Jaccard index for unsupervised clustering

10 November 2024

TL;DR - Don't use sklearn jaccard_score function when dealing with unsupervised clustering.

The Jaccard Index is a similarity measure used to compare the similarity and diversity of sample sets. It's calculated as the intersection divided by the union of sample sets. While it's a useful metric, its direct application in scikit-learn's jaccard_score is not suitable for unsupervised clustering scenarios.

The Problem with Sklearn's Jaccard Score

Scikit-learn's jaccard_score is designed for supervised classification, where the true labels are known. It assumes that the predicted labels correspond directly to the true labels. In unsupervised clustering, however, we don't have ground truth labels. Instead, we have cluster assignments that can be permuted.

For instance, consider two cluster assignments: [0, 0, 1, 1] and [1, 1, 0, 0]. While these assignments represent the same clustering, the scikit-learn jaccard_score would incorrectly report a low similarity.

Custom Implementation for Unsupervised Clustering

To address this limitation, we can implement a custom Jaccard Index calculation that is agnostic to label permutations, here is the function with example:

import numpy as np
import matplotlib.pyplot as plt
import seaborn as sns
import matplotlib as mpl

BACKGROUND_COLOR = "#f5f5f5"
FIG_MAX_WIDTH = 10.5
FIGSIZE = (FIG_MAX_WIDTH, 3.5)
FIGSIZE_LONG = (FIG_MAX_WIDTH, 5)

mpl.rcParams["figure.facecolor"] = BACKGROUND_COLOR
mpl.rcParams["axes.facecolor"] = BACKGROUND_COLOR
mpl.rcParams["savefig.facecolor"] = BACKGROUND_COLOR

def calculate_jaccard_unsupervised(labels_true, labels_pred):
    labels_true = np.array(labels_true)
    labels_pred = np.array(labels_pred)

    # Create pairwise comparison matrices
    same_in_true = labels_true[:, None] == labels_true[None, :]
    same_in_pred = labels_pred[:, None] == labels_pred[None, :]

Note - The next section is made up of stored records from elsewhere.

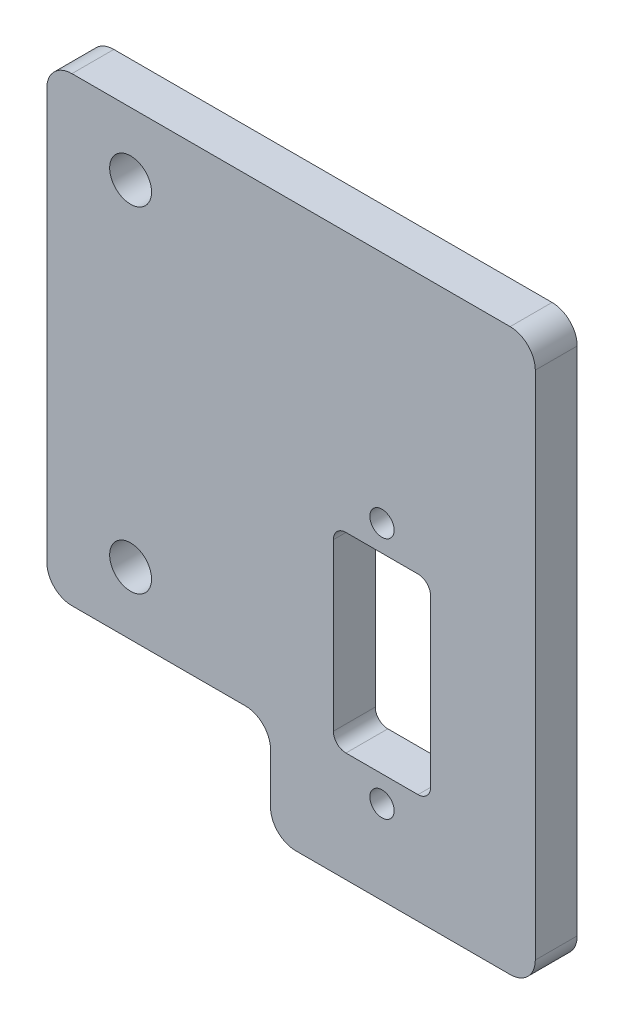
ISO-10303-21;
HEADER;
FILE_DESCRIPTION(('STEP AP214'),'2;1');
FILE_NAME('part.step','',(''),(''),'','','');
FILE_SCHEMA(('AUTOMOTIVE_DESIGN { 1 0 10303 214 1 1 1 1 }'));
ENDSEC;
DATA;
#1=APPLICATION_CONTEXT('core data for automotive mechanical design processes');
#2=APPLICATION_PROTOCOL_DEFINITION('international standard','automotive_design',2000,#1);
#3=PRODUCT_CONTEXT('',#1,'mechanical');
#4=PRODUCT('Part','Part','',(#3));
#5=PRODUCT_RELATED_PRODUCT_CATEGORY('part','',(#4));
#6=PRODUCT_DEFINITION_FORMATION('','',#4);
#7=PRODUCT_DEFINITION_CONTEXT('part definition',#1,'design');
#8=PRODUCT_DEFINITION('design','',#6,#7);
#9=PRODUCT_DEFINITION_SHAPE('','',#8);
#10=(LENGTH_UNIT() NAMED_UNIT(*) SI_UNIT(.MILLI.,.METRE.));
#11=(NAMED_UNIT(*) PLANE_ANGLE_UNIT() SI_UNIT($,.RADIAN.));
#12=(NAMED_UNIT(*) SI_UNIT($,.STERADIAN.) SOLID_ANGLE_UNIT());
#13=UNCERTAINTY_MEASURE_WITH_UNIT(LENGTH_MEASURE(1.E-05),#10,'distance_accuracy_value','');
#14=(GEOMETRIC_REPRESENTATION_CONTEXT(3) GLOBAL_UNCERTAINTY_ASSIGNED_CONTEXT((#13)) GLOBAL_UNIT_ASSIGNED_CONTEXT((#10,
#11,#12)) REPRESENTATION_CONTEXT('',''));
#15=CARTESIAN_POINT('',(0.,0.,0.));
#16=DIRECTION('',(0.,0.,1.));
#17=DIRECTION('',(1.,0.,0.));
#18=AXIS2_PLACEMENT_3D('',#15,#16,#17);
#19=CARTESIAN_POINT('',(0.,0.,5.));
#20=DIRECTION('',(0.,0.,-1.));
#21=DIRECTION('',(-1.,0.,0.));
#22=AXIS2_PLACEMENT_3D('',#19,#20,#21);
#23=PLANE('',#22);
#24=CARTESIAN_POINT('',(13.3,-0.469999999999991,5.));
#25=DIRECTION('',(0.,0.,1.));
#26=DIRECTION('',(1.,0.,0.));
#27=AXIS2_PLACEMENT_3D('',#24,#25,#26);
#28=CIRCLE('',#27,1.45);
#29=CARTESIAN_POINT('',(14.75,-0.469999999999991,5.));
#30=VERTEX_POINT('',#29);
#31=EDGE_CURVE('E408',#30,#30,#28,.T.);
#32=ORIENTED_EDGE('',*,*,#31,.F.);
#33=EDGE_LOOP('',(#32));
#34=FACE_BOUND('',#33,.T.);
#35=CARTESIAN_POINT('',(13.3,-29.47,5.));
#36=DIRECTION('',(0.,0.,1.));
#37=DIRECTION('',(1.,0.,0.));
#38=AXIS2_PLACEMENT_3D('',#35,#36,#37);
#39=CIRCLE('',#38,1.45);
#40=CARTESIAN_POINT('',(14.75,-29.47,5.));
#41=VERTEX_POINT('',#40);
#42=EDGE_CURVE('E410',#41,#41,#39,.T.);
#43=ORIENTED_EDGE('',*,*,#42,.F.);
#44=EDGE_LOOP('',(#43));
#45=FACE_BOUND('',#44,.T.);
#46=CARTESIAN_POINT('',(-16.7,-20.,5.));
#47=DIRECTION('',(0.,0.,-1.));
#48=DIRECTION('',(-1.,0.,0.));
#49=AXIS2_PLACEMENT_3D('',#46,#47,#48);
#50=CIRCLE('',#49,2.5);
#51=CARTESIAN_POINT('',(-19.2,-20.,5.));
#52=VERTEX_POINT('',#51);
#53=EDGE_CURVE('E421',#52,#52,#50,.T.);
#54=ORIENTED_EDGE('',*,*,#53,.T.);
#55=EDGE_LOOP('',(#54));
#56=FACE_BOUND('',#55,.T.);
#57=CARTESIAN_POINT('',(-16.7,20.,5.));
#58=DIRECTION('',(0.,0.,-1.));
#59=DIRECTION('',(-1.,0.,0.));
#60=AXIS2_PLACEMENT_3D('',#57,#58,#59);
#61=CIRCLE('',#60,2.5);
#62=CARTESIAN_POINT('',(-19.2,20.,5.));
#63=VERTEX_POINT('',#62);
#64=EDGE_CURVE('E312',#63,#63,#61,.T.);
#65=ORIENTED_EDGE('',*,*,#64,.T.);
#66=EDGE_LOOP('',(#65));
#67=FACE_BOUND('',#66,.T.);
#68=DIRECTION('',(0.,1.,0.));
#69=VECTOR('',#68,1.);
#70=CARTESIAN_POINT('',(31.6,27.5,5.));
#71=LINE('',#70,#69);
#72=CARTESIAN_POINT('',(31.6,-36.47,5.));
#73=VERTEX_POINT('',#72);
#74=CARTESIAN_POINT('',(31.6,24.5,5.));
#75=VERTEX_POINT('',#74);
#76=EDGE_CURVE('E205',#73,#75,#71,.T.);
#77=ORIENTED_EDGE('',*,*,#76,.T.);
#78=CARTESIAN_POINT('',(28.6,24.5,5.));
#79=DIRECTION('',(0.,0.,-1.));
#80=DIRECTION('',(-1.,0.,0.));
#81=AXIS2_PLACEMENT_3D('',#78,#79,#80);
#82=CIRCLE('',#81,3.);
#83=CARTESIAN_POINT('',(28.6,27.5,5.));
#84=VERTEX_POINT('',#83);
#85=EDGE_CURVE('E224',#75,#84,#82,.F.);
#86=ORIENTED_EDGE('',*,*,#85,.T.);
#87=DIRECTION('',(-1.,0.,0.));
#88=VECTOR('',#87,1.);
#89=CARTESIAN_POINT('',(0.,27.5,5.));
#90=LINE('',#89,#88);
#91=CARTESIAN_POINT('',(-23.7,27.5,5.));
#92=VERTEX_POINT('',#91);
#93=EDGE_CURVE('E190',#84,#92,#90,.T.);
#94=ORIENTED_EDGE('',*,*,#93,.T.);
#95=CARTESIAN_POINT('',(-23.7,24.5,5.));
#96=DIRECTION('',(0.,0.,-1.));
#97=DIRECTION('',(-1.,0.,0.));
#98=AXIS2_PLACEMENT_3D('',#95,#96,#97);
#99=CIRCLE('',#98,3.);
#100=CARTESIAN_POINT('',(-26.7,24.5,5.));
#101=VERTEX_POINT('',#100);
#102=EDGE_CURVE('E216',#92,#101,#99,.F.);
#103=ORIENTED_EDGE('',*,*,#102,.T.);
#104=DIRECTION('',(0.,-1.,0.));
#105=VECTOR('',#104,1.);
#106=CARTESIAN_POINT('',(-26.7,27.5,5.));
#107=LINE('',#106,#105);
#108=CARTESIAN_POINT('',(-26.7,-24.5,5.));
#109=VERTEX_POINT('',#108);
#110=EDGE_CURVE('E199',#101,#109,#107,.T.);
#111=ORIENTED_EDGE('',*,*,#110,.T.);
#112=CARTESIAN_POINT('',(-23.7,-24.5,5.));
#113=DIRECTION('',(0.,0.,-1.));
#114=DIRECTION('',(-1.,0.,0.));
#115=AXIS2_PLACEMENT_3D('',#112,#113,#114);
#116=CIRCLE('',#115,3.);
#117=CARTESIAN_POINT('',(-23.7,-27.5,5.));
#118=VERTEX_POINT('',#117);
#119=EDGE_CURVE('E218',#109,#118,#116,.F.);
#120=ORIENTED_EDGE('',*,*,#119,.T.);
#121=DIRECTION('',(1.,0.,0.));
#122=VECTOR('',#121,1.);
#123=CARTESIAN_POINT('',(-26.7,-27.5,5.));
#124=LINE('',#123,#122);
#125=CARTESIAN_POINT('',(-3.,-27.5,5.));
#126=VERTEX_POINT('',#125);
#127=EDGE_CURVE('E318',#118,#126,#124,.T.);
#128=ORIENTED_EDGE('',*,*,#127,.T.);
#129=CARTESIAN_POINT('',(-3.,-30.5,5.));
#130=DIRECTION('',(0.,0.,-1.));
#131=DIRECTION('',(-1.,0.,0.));
#132=AXIS2_PLACEMENT_3D('',#129,#130,#131);
#133=CIRCLE('',#132,3.);
#134=CARTESIAN_POINT('',(0.,-30.5,5.));
#135=VERTEX_POINT('',#134);
#136=EDGE_CURVE('E248',#126,#135,#133,.T.);
#137=ORIENTED_EDGE('',*,*,#136,.T.);
#138=DIRECTION('',(0.,-1.,0.));
#139=VECTOR('',#138,1.);
#140=CARTESIAN_POINT('',(0.,-27.5,5.));
#141=LINE('',#140,#139);
#142=CARTESIAN_POINT('',(0.,-36.47,5.));
#143=VERTEX_POINT('',#142);
#144=EDGE_CURVE('E321',#135,#143,#141,.T.);
#145=ORIENTED_EDGE('',*,*,#144,.T.);
#146=CARTESIAN_POINT('',(3.,-36.47,5.));
#147=DIRECTION('',(0.,0.,-1.));
#148=DIRECTION('',(-1.,0.,0.));
#149=AXIS2_PLACEMENT_3D('',#146,#147,#148);
#150=CIRCLE('',#149,3.);
#151=CARTESIAN_POINT('',(3.,-39.47,5.));
#152=VERTEX_POINT('',#151);
#153=EDGE_CURVE('E220',#143,#152,#150,.F.);
#154=ORIENTED_EDGE('',*,*,#153,.T.);
#155=DIRECTION('',(1.,0.,0.));
#156=VECTOR('',#155,1.);
#157=CARTESIAN_POINT('',(0.,-39.47,5.));
#158=LINE('',#157,#156);
#159=CARTESIAN_POINT('',(28.6,-39.47,5.));
#160=VERTEX_POINT('',#159);
#161=EDGE_CURVE('E324',#152,#160,#158,.T.);
#162=ORIENTED_EDGE('',*,*,#161,.T.);
#163=CARTESIAN_POINT('',(28.6,-36.47,5.));
#164=DIRECTION('',(0.,0.,-1.));
#165=DIRECTION('',(-1.,0.,0.));
#166=AXIS2_PLACEMENT_3D('',#163,#164,#165);
#167=CIRCLE('',#166,3.);
#168=EDGE_CURVE('E222',#160,#73,#167,.F.);
#169=ORIENTED_EDGE('',*,*,#168,.T.);
#170=EDGE_LOOP('',(#77,#86,#94,#103,#111,#120,#128,#137,#145,#154,#162,#169));
#171=FACE_BOUND('',#170,.T.);
#172=DIRECTION('',(0.,1.,0.));
#173=VECTOR('',#172,1.);
#174=CARTESIAN_POINT('',(19.1,-3.56999999999999,5.));
#175=LINE('',#174,#173);
#176=CARTESIAN_POINT('',(19.1,-24.87,5.));
#177=VERTEX_POINT('',#176);
#178=CARTESIAN_POINT('',(19.1,-5.06999999999999,5.));
#179=VERTEX_POINT('',#178);
#180=EDGE_CURVE('E298',#177,#179,#175,.T.);
#181=ORIENTED_EDGE('',*,*,#180,.F.);
#182=CARTESIAN_POINT('',(17.6,-24.87,5.));
#183=DIRECTION('',(0.,0.,-1.));
#184=DIRECTION('',(-1.,0.,0.));
#185=AXIS2_PLACEMENT_3D('',#182,#183,#184);
#186=CIRCLE('',#185,1.5);
#187=CARTESIAN_POINT('',(17.6,-26.37,5.));
#188=VERTEX_POINT('',#187);
#189=EDGE_CURVE('E271',#177,#188,#186,.T.);
#190=ORIENTED_EDGE('',*,*,#189,.T.);
#191=DIRECTION('',(1.,0.,0.));
#192=VECTOR('',#191,1.);
#193=CARTESIAN_POINT('',(19.1,-26.37,5.));
#194=LINE('',#193,#192);
#195=CARTESIAN_POINT('',(9.,-26.37,5.));
#196=VERTEX_POINT('',#195);
#197=EDGE_CURVE('E300',#196,#188,#194,.T.);
#198=ORIENTED_EDGE('',*,*,#197,.F.);
#199=CARTESIAN_POINT('',(9.,-24.87,5.));
#200=DIRECTION('',(0.,0.,-1.));
#201=DIRECTION('',(-1.,0.,0.));
#202=AXIS2_PLACEMENT_3D('',#199,#200,#201);
#203=CIRCLE('',#202,1.5);
#204=CARTESIAN_POINT('',(7.5,-24.87,5.));
#205=VERTEX_POINT('',#204);
#206=EDGE_CURVE('E275',#196,#205,#203,.T.);
#207=ORIENTED_EDGE('',*,*,#206,.T.);
#208=DIRECTION('',(0.,-1.,0.));
#209=VECTOR('',#208,1.);
#210=CARTESIAN_POINT('',(7.5,-3.56999999999999,5.));
#211=LINE('',#210,#209);
#212=CARTESIAN_POINT('',(7.5,-5.06999999999999,5.));
#213=VERTEX_POINT('',#212);
#214=EDGE_CURVE('E297',#213,#205,#211,.T.);
#215=ORIENTED_EDGE('',*,*,#214,.F.);
#216=CARTESIAN_POINT('',(9.,-5.06999999999999,5.));
#217=DIRECTION('',(0.,0.,-1.));
#218=DIRECTION('',(-1.,0.,0.));
#219=AXIS2_PLACEMENT_3D('',#216,#217,#218);
#220=CIRCLE('',#219,1.5);
#221=CARTESIAN_POINT('',(9.,-3.56999999999999,5.));
#222=VERTEX_POINT('',#221);
#223=EDGE_CURVE('E11',#213,#222,#220,.T.);
#224=ORIENTED_EDGE('',*,*,#223,.T.);
#225=DIRECTION('',(-1.,0.,0.));
#226=VECTOR('',#225,1.);
#227=CARTESIAN_POINT('',(19.1,-3.56999999999999,5.));
#228=LINE('',#227,#226);
#229=CARTESIAN_POINT('',(17.6,-3.56999999999999,5.));
#230=VERTEX_POINT('',#229);
#231=EDGE_CURVE('E295',#230,#222,#228,.T.);
#232=ORIENTED_EDGE('',*,*,#231,.F.);
#233=CARTESIAN_POINT('',(17.6,-5.06999999999999,5.));
#234=DIRECTION('',(0.,0.,-1.));
#235=DIRECTION('',(-1.,0.,0.));
#236=AXIS2_PLACEMENT_3D('',#233,#234,#235);
#237=CIRCLE('',#236,1.5);
#238=EDGE_CURVE('E279',#230,#179,#237,.T.);
#239=ORIENTED_EDGE('',*,*,#238,.T.);
#240=EDGE_LOOP('',(#181,#190,#198,#207,#215,#224,#232,#239));
#241=FACE_BOUND('',#240,.T.);
#242=ADVANCED_FACE('F33',(#34,#45,#56,#67,#171,#241),#23,.F.);
#243=CARTESIAN_POINT('',(0.,0.,0.));
#244=DIRECTION('',(0.,0.,-1.));
#245=DIRECTION('',(-1.,0.,0.));
#246=AXIS2_PLACEMENT_3D('',#243,#244,#245);
#247=PLANE('',#246);
#248=CARTESIAN_POINT('',(13.3,-0.469999999999991,0.));
#249=DIRECTION('',(0.,0.,1.));
#250=DIRECTION('',(1.,0.,0.));
#251=AXIS2_PLACEMENT_3D('',#248,#249,#250);
#252=CIRCLE('',#251,1.45);
#253=CARTESIAN_POINT('',(14.75,-0.469999999999991,0.));
#254=VERTEX_POINT('',#253);
#255=EDGE_CURVE('E406',#254,#254,#252,.T.);
#256=ORIENTED_EDGE('',*,*,#255,.T.);
#257=EDGE_LOOP('',(#256));
#258=FACE_BOUND('',#257,.T.);
#259=CARTESIAN_POINT('',(13.3,-29.47,0.));
#260=DIRECTION('',(0.,0.,1.));
#261=DIRECTION('',(1.,0.,0.));
#262=AXIS2_PLACEMENT_3D('',#259,#260,#261);
#263=CIRCLE('',#262,1.45);
#264=CARTESIAN_POINT('',(14.75,-29.47,0.));
#265=VERTEX_POINT('',#264);
#266=EDGE_CURVE('E415',#265,#265,#263,.T.);
#267=ORIENTED_EDGE('',*,*,#266,.T.);
#268=EDGE_LOOP('',(#267));
#269=FACE_BOUND('',#268,.T.);
#270=CARTESIAN_POINT('',(-16.7,-20.,0.));
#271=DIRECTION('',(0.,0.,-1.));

    intersection = np.logical_and(same_in_true, same_in_pred)
    union = np.logical_or(same_in_true, same_in_pred)

    nominator = intersection.sum() - len(labels_true) # For removing self comparisons
    denominator = union.sum() - len(labels_true)
    jaccard_index = nominator / denominator if denominator != 0 else 0.0

    return jaccard_index, same_in_true, same_in_pred, intersection, union

labels_true = [1, 1, 2, 2, 3, 3, 1, 4]
labels_pred = [4, 4, 3, 3, 2, 1, 1, 2]

jaccard_index, same_in_true, same_in_pred, intersection, union = calculate_jaccard_unsupervised(labels_true, labels_pred)

fig, axes = plt.subplots(2, 2, figsize=FIGSIZE_LONG)

sns.heatmap(same_in_true, annot=True, cmap="Blues", cbar=False, ax=axes[0,0])
axes[0,0].set_title("Same in True Labels")

sns.heatmap(same_in_pred, annot=True, cmap="Greens", cbar=False, ax=axes[0,1])
axes[0,1].set_title("Same in Predicted Labels")

sns.heatmap(intersection, annot=True, cmap="Purples", cbar=False, ax=axes[1,0])
axes[1,0].set_title(f"Intersection: ({intersection.sum()}-{len(labels_true)} = {intersection.sum()-len(labels_true)})")

sns.heatmap(union, annot=True, cmap="Oranges", cbar=False, ax=axes[1,1])
axes[1,1].set_title(f"Union: ({union.sum()}-{len(labels_true)} = {union.sum()-len(labels_true)})")

plt.suptitle(f"Label agnostic Jaccard Index = {intersection.sum()-len(labels_true)}/{union.sum()-len(labels_true)} = {jaccard_index:.2f}", fontsize=16)
plt.tight_layout()
plt.show()

png

This implementation first creates pairwise comparison matrices for both true and predicted labels. Then, it calculates the intersection and union of these matrices, accounting for the fact that cluster labels can be permuted.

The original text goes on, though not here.